The problem is that a thread wants to open a FD_CLOEXEC file descriptor,
because it is doing something that is thread-local. So it does

fd =;
fcntl(fd, F_SETFD, &FD_CLOEXEC);

but *another* thread does an execve() at the same time, and the fcntl()
never gets to happen!

Which is why you'd like to do the *initial* operation with a flag that
says "please set the FD_CLOEXEC flag on the file descriptor", so that you
*atomically* install the file file descriptor and set the FD_CLOEXEC bit.

It's trivial to do for open(), but there are about a million ways to get a
file descriptor, and open() is just about the *only* one of those that
actually takes a "flags" field that can be used to tell the kernel.

So ignore the fdmapping for now: that's just an extended thing.

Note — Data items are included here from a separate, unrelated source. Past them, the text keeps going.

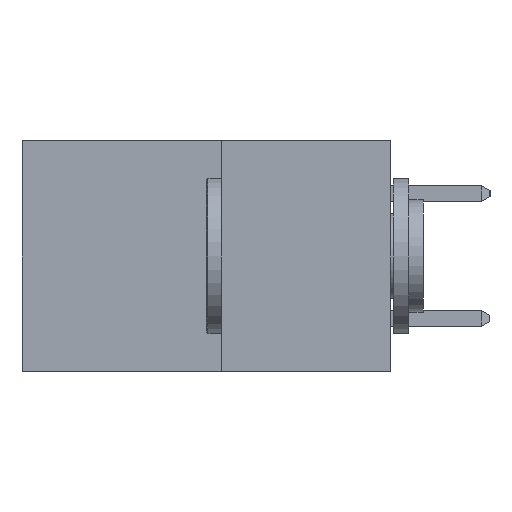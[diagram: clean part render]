
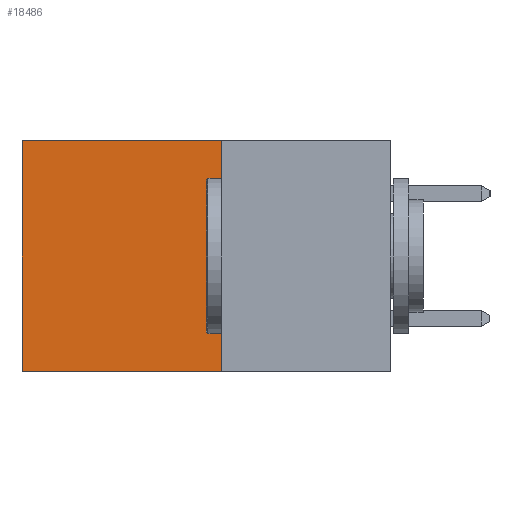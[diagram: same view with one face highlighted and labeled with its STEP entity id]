
A CAD part, left-side view. The second image highlights one B-rep face of the part: STEP entity #18486.
In plain terms, the highlighted planar face has unit normal (-1, 0, 0).
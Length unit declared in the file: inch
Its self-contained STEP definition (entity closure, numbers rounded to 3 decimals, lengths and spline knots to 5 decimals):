
#1098 = CARTESIAN_POINT ( 'NONE',  ( 0.277, 0.59, -0.37 ) ) ;
#1375 = CARTESIAN_POINT ( 'NONE',  ( 0.277, 0.27, 0. ) ) ;
#1685 = VERTEX_POINT ( 'NONE', #7790 ) ;
#1686 = CARTESIAN_POINT ( 'NONE',  ( 0.277, 0.27, -0.37 ) ) ;
#1766 = VERTEX_POINT ( 'NONE', #1098 ) ;
#2731 = LINE ( 'NONE', #16591, #6963 ) ;
#3215 = CARTESIAN_POINT ( 'NONE',  ( 0.277, 0.27, -0.37 ) ) ;
#3374 = DIRECTION ( 'NONE',  ( 0., 0., -1. ) ) ;
#3531 = LINE ( 'NONE', #14994, #16599 ) ;
#4538 = ORIENTED_EDGE ( 'NONE', *, *, #10125, .T. ) ;
#4877 = VECTOR ( 'NONE', #3374, 39.37008 ) ;
#5218 = EDGE_CURVE ( 'NONE', #10749, #8974, #18464, .T. ) ;
#5291 = FACE_OUTER_BOUND ( 'NONE', #17014, .T. ) ;
#5328 = DIRECTION ( 'NONE',  ( 1., 0., 0. ) ) ;
#6963 = VECTOR ( 'NONE', #7784, 39.37008 ) ;
#7784 = DIRECTION ( 'NONE',  ( 0., 1., 0. ) ) ;
#7790 = CARTESIAN_POINT ( 'NONE',  ( 0.277, 0.59, 0. ) ) ;
#8974 = VERTEX_POINT ( 'NONE', #13165 ) ;
#9248 = LINE ( 'NONE', #1375, #18674 ) ;
#10125 = EDGE_CURVE ( 'NONE', #1685, #1766, #3531, .T. ) ;
#10687 = AXIS2_PLACEMENT_3D ( 'NONE', #1686, #5328, #17728 ) ;
#10749 = VERTEX_POINT ( 'NONE', #22205 ) ;
#10938 = ORIENTED_EDGE ( 'NONE', *, *, #16133, .T. ) ;
#11345 = EDGE_CURVE ( 'NONE', #8974, #1766, #2731, .T. ) ;
#11454 = DIRECTION ( 'NONE',  ( 0., 0., -1. ) ) ;
#12104 = DIRECTION ( 'NONE',  ( 0., 1., 0. ) ) ;
#13165 = CARTESIAN_POINT ( 'NONE',  ( 0.277, 0.27, -0.37 ) ) ;
#14994 = CARTESIAN_POINT ( 'NONE',  ( 0.277, 0.59, -0.37 ) ) ;
#15077 = ORIENTED_EDGE ( 'NONE', *, *, #5218, .F. ) ;
#16133 = EDGE_CURVE ( 'NONE', #10749, #1685, #9248, .T. ) ;
#16591 = CARTESIAN_POINT ( 'NONE',  ( 0.277, 0.27, -0.37 ) ) ;
#16599 = VECTOR ( 'NONE', #11454, 39.37008 ) ;
#17014 = EDGE_LOOP ( 'NONE', ( #4538, #18690, #15077, #10938 ) ) ;
#17728 = DIRECTION ( 'NONE',  ( 0., 0., -1. ) ) ;
#18464 = LINE ( 'NONE', #3215, #4877 ) ;
#18486 = ADVANCED_FACE ( 'NONE', ( #5291 ), #19417, .F. ) ;
#18674 = VECTOR ( 'NONE', #12104, 39.37008 ) ;
#18690 = ORIENTED_EDGE ( 'NONE', *, *, #11345, .F. ) ;
#19417 = PLANE ( 'NONE',  #10687 ) ;
#22205 = CARTESIAN_POINT ( 'NONE',  ( 0.277, 0.27, 0. ) ) ;

The
problem is _independent_ of the fdmapping, but it turns out that a lot of
these problems are intertwined, in that you actually want *other* flags
than just "FD_CLOEXEC". For example, one of the flags would be "private fd
space" (which is where fdmap comes in), so that a library can allocate its
own internal file descriptors *without* impacting the caller that depends
on its own file descriptor allocation.

(And dammit, that _is_ a *real*issue*. No races necessary, no NR_OPEN
iterations, no even *halfway* suspect code. It's perfectly fine to do

.. generate filenames, whatever ..
if (open(..) < 0 || open(..) < 0 || open(..) < 0)
die("Couldn't redirect stdin/stdout/stderr");

and there's absolutely nothing wrong with this kind of setup, even if you
could obviously have done it other ways too (ie by using "dup2()" instead
of "close + open"),

And that means that libraries currently MUST NOT open their own file
descriptors, exactly because they mess with the "application file
descriptor namespace", namely the linear POSIX-defined fd allocation

And no, "dup2(fd, SOME_BIG_FD)" is *not* the answer, exactly because we
end up sucking like mad if you actually were to do it!

So I think both the FD_CLOEXEC _and_ the "private fd space" are real
issues. I don't agree with the "random fd" approach. I'd much rather have
a non-random setup for the nonlinear ones (it just shouldn't be linear).